Pertama Memastikan Makanan Itu Halal dan Baik (Thayyib)
Hal pertama sebelum makan adalah memastikan makanan tersebut halal zat dan cara memperolehnya. Halal bukan hanya dari bahan makanan, tetapi juga cara mendapatkannya harus bebas dari riba, curang, menipu, mencuri, suap, dan sejenisnya.
Allah berfirman:
يَا أَيُّهَا الَّذِينَ آمَنُوا كُلُوا مِنْ طَيِّبَاتِ مَا رَزَقْنَاكُمْ وَلَا تَتَّبِعُوا خُطُوَاتِ الشَّيْطَانِ ۚ إِنَّهُ لَكُمْ عَدُوٌّ مُّبِينٌ
Alquran Surah Al-Baqarah ayat 168 yang artinya: Wahai manusia! Makanlah dari (makanan) yang halal lagi baik yang terdapat di bumi, dan janganlah kamu mengikuti langkah-langkah setan. Sesungguhnya setan itu adalah musuh yang nyata bagimu.”
Dari ayat di atas dapat di simpulkan bahwasanya Makan dari harta yang haram bukan hanya menghilangkan berkah, tetapi menjadi sebab tertolaknya doa dan jauhnya hati dari Allah Swt.
Kedua Membersihkan Kedua Tangan Sebelum Makan
Rasulullah Saw bersabda:
"Bersiwaklah dan berwudhulah sebelum makan, karena itu dapat menghilangkan kefakiran." (Riwayat Thabrani – derajat hadis dhaif)
Membasuh tangan adalah sunnah sekaligus tanda kebersihan dan etika. Tangan adalah alat yang dipakai bekerja, menyentuh banyak hal, sehingga sangat mungkin membawa kotoran dan penyakit.
Ketiga Meletakkan Makanan di Atas Lantai (Bukan Meja Tinggi)
Menurut Imam al-Ghazali, sunnah Rasulullah Saw adalah makan di atas lantai, bukan di meja tinggi sebagaimana kebiasaan kaum berlebih (mutakabbir).
Rasulullah Saw bersabda:
"Aku makan sebagaimana seorang hamba makan, dan aku duduk sebagaimana seorang hamba duduk."

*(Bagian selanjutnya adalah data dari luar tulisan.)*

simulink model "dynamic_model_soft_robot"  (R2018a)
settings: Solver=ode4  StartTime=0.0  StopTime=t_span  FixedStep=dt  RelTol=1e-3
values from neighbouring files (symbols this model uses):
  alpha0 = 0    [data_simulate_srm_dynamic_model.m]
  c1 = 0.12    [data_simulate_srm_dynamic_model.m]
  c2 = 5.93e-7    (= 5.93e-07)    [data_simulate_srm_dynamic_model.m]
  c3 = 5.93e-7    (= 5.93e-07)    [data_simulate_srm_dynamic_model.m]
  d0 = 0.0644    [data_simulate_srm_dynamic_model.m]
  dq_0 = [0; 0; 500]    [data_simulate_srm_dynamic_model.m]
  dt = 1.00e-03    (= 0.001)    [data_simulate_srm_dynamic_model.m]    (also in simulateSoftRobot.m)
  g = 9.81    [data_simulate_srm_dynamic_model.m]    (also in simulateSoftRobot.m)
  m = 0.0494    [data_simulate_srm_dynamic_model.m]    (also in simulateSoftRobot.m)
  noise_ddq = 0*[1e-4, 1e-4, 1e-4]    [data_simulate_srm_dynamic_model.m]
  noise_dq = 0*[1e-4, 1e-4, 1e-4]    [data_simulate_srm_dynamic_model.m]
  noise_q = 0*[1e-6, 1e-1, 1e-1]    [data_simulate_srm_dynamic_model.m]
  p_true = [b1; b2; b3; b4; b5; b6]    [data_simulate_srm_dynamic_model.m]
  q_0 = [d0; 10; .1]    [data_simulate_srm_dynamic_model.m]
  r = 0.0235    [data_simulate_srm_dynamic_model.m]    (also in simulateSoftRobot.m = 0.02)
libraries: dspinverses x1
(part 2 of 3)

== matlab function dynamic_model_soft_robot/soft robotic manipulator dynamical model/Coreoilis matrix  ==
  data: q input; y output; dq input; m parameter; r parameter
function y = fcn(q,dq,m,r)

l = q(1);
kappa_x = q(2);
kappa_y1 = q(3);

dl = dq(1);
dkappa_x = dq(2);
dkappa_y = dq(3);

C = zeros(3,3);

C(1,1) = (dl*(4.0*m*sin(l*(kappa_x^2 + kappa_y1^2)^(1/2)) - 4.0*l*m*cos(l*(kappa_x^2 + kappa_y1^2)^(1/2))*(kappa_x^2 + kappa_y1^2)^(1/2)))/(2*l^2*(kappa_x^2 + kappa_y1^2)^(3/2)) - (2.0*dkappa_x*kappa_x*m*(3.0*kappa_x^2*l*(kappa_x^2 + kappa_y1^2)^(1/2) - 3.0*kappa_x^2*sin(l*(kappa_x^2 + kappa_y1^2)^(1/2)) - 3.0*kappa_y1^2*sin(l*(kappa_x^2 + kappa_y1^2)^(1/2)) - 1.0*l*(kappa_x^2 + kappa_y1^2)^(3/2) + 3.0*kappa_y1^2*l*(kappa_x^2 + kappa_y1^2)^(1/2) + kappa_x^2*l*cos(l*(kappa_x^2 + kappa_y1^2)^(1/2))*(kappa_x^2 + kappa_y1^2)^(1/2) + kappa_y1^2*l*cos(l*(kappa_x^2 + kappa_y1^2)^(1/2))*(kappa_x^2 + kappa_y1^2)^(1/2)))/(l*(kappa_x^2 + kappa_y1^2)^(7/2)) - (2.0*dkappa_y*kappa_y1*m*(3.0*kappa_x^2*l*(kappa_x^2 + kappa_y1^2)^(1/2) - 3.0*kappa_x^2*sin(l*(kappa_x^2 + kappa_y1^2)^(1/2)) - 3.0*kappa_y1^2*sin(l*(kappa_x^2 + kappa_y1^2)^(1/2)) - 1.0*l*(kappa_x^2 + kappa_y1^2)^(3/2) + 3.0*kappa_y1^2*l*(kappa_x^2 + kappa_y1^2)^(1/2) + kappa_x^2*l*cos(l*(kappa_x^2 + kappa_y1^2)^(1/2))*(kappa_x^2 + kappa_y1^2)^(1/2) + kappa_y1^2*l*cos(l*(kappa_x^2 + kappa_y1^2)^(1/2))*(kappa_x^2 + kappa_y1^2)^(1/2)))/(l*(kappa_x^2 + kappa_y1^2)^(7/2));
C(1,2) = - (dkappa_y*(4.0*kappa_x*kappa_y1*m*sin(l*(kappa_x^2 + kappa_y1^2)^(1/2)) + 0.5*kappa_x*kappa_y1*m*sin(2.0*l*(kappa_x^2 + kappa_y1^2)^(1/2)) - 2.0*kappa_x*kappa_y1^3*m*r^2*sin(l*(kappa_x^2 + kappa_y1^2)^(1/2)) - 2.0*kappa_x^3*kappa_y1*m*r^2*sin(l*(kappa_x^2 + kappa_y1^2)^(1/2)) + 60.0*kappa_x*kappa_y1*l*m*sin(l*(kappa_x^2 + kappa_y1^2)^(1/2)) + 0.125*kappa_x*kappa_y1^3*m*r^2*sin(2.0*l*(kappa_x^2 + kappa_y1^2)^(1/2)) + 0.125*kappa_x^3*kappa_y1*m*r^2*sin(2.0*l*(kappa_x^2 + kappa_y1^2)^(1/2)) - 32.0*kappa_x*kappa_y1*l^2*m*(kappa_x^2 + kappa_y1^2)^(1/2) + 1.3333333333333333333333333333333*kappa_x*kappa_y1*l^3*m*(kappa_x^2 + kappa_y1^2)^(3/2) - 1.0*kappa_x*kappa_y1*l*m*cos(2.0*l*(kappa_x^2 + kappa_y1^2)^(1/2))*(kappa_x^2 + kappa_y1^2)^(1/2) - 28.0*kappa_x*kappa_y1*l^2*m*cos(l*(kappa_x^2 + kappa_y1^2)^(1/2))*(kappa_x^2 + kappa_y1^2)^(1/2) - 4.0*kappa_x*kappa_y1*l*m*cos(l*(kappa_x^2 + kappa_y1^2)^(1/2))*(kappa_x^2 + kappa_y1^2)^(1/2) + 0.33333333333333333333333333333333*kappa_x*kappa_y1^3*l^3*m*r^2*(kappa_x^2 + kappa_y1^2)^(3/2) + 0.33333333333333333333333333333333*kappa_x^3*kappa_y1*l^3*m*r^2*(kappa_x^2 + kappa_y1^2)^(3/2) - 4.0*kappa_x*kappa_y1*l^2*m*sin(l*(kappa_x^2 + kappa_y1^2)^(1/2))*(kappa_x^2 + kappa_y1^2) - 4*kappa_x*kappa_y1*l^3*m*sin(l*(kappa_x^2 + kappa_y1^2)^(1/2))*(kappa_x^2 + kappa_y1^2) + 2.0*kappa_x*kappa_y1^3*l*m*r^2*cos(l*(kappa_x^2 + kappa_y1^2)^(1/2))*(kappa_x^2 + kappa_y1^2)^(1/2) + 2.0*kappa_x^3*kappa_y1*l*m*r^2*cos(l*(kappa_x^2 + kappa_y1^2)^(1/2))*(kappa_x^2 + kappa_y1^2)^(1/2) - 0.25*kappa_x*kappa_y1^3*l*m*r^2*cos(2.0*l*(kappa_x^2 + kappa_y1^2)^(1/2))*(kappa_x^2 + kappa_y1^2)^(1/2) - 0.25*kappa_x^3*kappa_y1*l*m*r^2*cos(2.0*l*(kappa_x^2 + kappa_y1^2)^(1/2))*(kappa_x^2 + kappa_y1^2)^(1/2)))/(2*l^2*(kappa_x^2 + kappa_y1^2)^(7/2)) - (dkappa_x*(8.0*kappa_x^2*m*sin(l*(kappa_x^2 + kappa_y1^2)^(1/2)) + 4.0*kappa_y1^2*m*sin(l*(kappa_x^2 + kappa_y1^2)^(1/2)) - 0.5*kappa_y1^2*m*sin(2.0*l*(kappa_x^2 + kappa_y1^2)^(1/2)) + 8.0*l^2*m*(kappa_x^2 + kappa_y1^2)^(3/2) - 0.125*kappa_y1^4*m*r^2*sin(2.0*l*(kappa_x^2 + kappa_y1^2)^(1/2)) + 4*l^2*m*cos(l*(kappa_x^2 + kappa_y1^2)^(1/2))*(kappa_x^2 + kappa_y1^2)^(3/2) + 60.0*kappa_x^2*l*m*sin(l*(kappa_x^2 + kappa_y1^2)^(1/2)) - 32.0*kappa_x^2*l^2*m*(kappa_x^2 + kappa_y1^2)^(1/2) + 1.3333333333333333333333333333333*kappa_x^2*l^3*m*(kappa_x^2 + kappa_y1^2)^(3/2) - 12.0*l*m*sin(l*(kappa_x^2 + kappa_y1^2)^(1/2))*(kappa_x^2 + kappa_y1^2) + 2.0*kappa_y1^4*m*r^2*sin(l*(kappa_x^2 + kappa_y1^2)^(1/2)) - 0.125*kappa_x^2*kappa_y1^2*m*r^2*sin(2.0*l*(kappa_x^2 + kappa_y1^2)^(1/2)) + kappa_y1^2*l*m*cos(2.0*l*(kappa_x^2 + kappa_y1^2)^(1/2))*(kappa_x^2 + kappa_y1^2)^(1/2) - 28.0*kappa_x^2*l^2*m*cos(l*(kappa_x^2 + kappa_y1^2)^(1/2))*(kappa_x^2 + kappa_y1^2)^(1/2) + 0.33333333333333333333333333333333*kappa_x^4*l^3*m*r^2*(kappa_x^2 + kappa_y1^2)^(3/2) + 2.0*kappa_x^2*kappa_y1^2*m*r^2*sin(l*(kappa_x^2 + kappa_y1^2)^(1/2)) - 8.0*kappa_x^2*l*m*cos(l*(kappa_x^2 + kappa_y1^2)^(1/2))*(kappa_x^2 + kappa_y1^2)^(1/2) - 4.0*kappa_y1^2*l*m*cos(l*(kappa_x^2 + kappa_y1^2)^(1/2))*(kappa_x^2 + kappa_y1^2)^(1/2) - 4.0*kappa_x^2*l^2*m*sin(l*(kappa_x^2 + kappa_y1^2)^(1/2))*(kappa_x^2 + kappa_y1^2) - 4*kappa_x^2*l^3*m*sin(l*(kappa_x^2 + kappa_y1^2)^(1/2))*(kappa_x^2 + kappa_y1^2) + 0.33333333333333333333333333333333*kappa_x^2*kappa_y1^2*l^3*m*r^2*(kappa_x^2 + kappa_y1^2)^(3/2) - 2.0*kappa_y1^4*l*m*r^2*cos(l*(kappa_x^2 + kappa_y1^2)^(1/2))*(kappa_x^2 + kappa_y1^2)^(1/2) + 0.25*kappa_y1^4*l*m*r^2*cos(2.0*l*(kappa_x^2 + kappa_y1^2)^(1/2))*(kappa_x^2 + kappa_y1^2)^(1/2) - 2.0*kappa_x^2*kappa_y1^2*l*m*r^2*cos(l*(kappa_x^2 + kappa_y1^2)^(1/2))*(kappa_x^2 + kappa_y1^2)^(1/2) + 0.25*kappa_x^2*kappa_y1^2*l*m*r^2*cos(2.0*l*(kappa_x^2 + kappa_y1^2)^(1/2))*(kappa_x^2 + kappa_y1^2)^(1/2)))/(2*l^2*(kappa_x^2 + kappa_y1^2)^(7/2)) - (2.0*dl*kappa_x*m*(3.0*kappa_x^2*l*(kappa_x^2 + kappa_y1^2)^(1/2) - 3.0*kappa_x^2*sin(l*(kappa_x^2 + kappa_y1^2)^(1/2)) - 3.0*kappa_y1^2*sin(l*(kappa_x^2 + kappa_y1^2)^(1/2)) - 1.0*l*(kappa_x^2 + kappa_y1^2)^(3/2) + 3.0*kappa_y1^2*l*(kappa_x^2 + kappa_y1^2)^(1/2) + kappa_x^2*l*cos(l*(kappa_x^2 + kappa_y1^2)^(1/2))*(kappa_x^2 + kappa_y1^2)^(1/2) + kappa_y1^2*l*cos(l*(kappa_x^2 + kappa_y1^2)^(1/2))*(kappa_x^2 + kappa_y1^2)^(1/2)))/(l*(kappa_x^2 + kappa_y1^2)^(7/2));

Makan di lantai melatih tawadhu’ (rendah hati) dan dekat dengan akhlak Nabi Muhammad Saw.
Namun, al-Ghazali memberi catatan:
Jika ada perubahan zaman, adat, atau kebutuhan selama tidak termasuk kesombongan maka hal itu tidak termasuk bid’ah tercela.
Keempat Tidak Berlebih-lebihan dalam Peralatan Makan
Islam tidak melarang menggunakan alat makan, tetapi melarang berlebihan sampai menjadi simbol pamer, gengsi, dan kemewahan.
Makan sederhana membuka pintu syukur, sedangkan makan dengan kemewahan berlebih dapat membawa hati pada kesombongan.
Kelima uduk dengan Sikap Tawadhu’
Di antara sunnah makan adalah duduk:
Duduk iftirasy, Tidak bersandar, Tidak dalam posisi sombong atau santai berlebihan. Sikap ini menunjukkan adab seorang hamba yang menyadari nikmat Allah Swt.
Keenam Berniat dan Menghadirkan Hati
Niat makan seorang mukmin bukan sekadar kenyang, tetapi agar kuat beribadah, menguatkan badan untuk ketaatan, Menjaga kesehatan sebagai amanah Allah Swt. Niat membedakan seseorang antara yang sekadar makan dan yang makan sebagai ibadah.
Ketujuh Mengingat Bahwa Makanan Adalah Nikmat Allah
Sebelum makan, hati hendaknya hadir dengan rasa syukur, sadar bahwa makanan itu Bukan karena kemampuan diri, Tetapi karena rahmat dan pemberian Allah.
Merenungkan proses panjang rezeki dari tanah, air, petani, pedagang, hingga sampai ke meja—membuat hati tunduk penuh syukur.
Penutup
Jadi dapat di simpulkan bahwasanya Imam al-Ghazali mengajarkan adab makan bukan hanya ritual luar, tetapi pendidikan hati. Seorang Muslim tidak hanya memperhatikan halal-haram makanan, tetapi juga adab batin seperti: Syukur, Tawadhu’, Tidak berlebihan, Niat yang benar. Dengan demikian, makan menjadi ibadah yang mendekatkan diri kepada Allah, bukan sekadar rutinitas duniawi.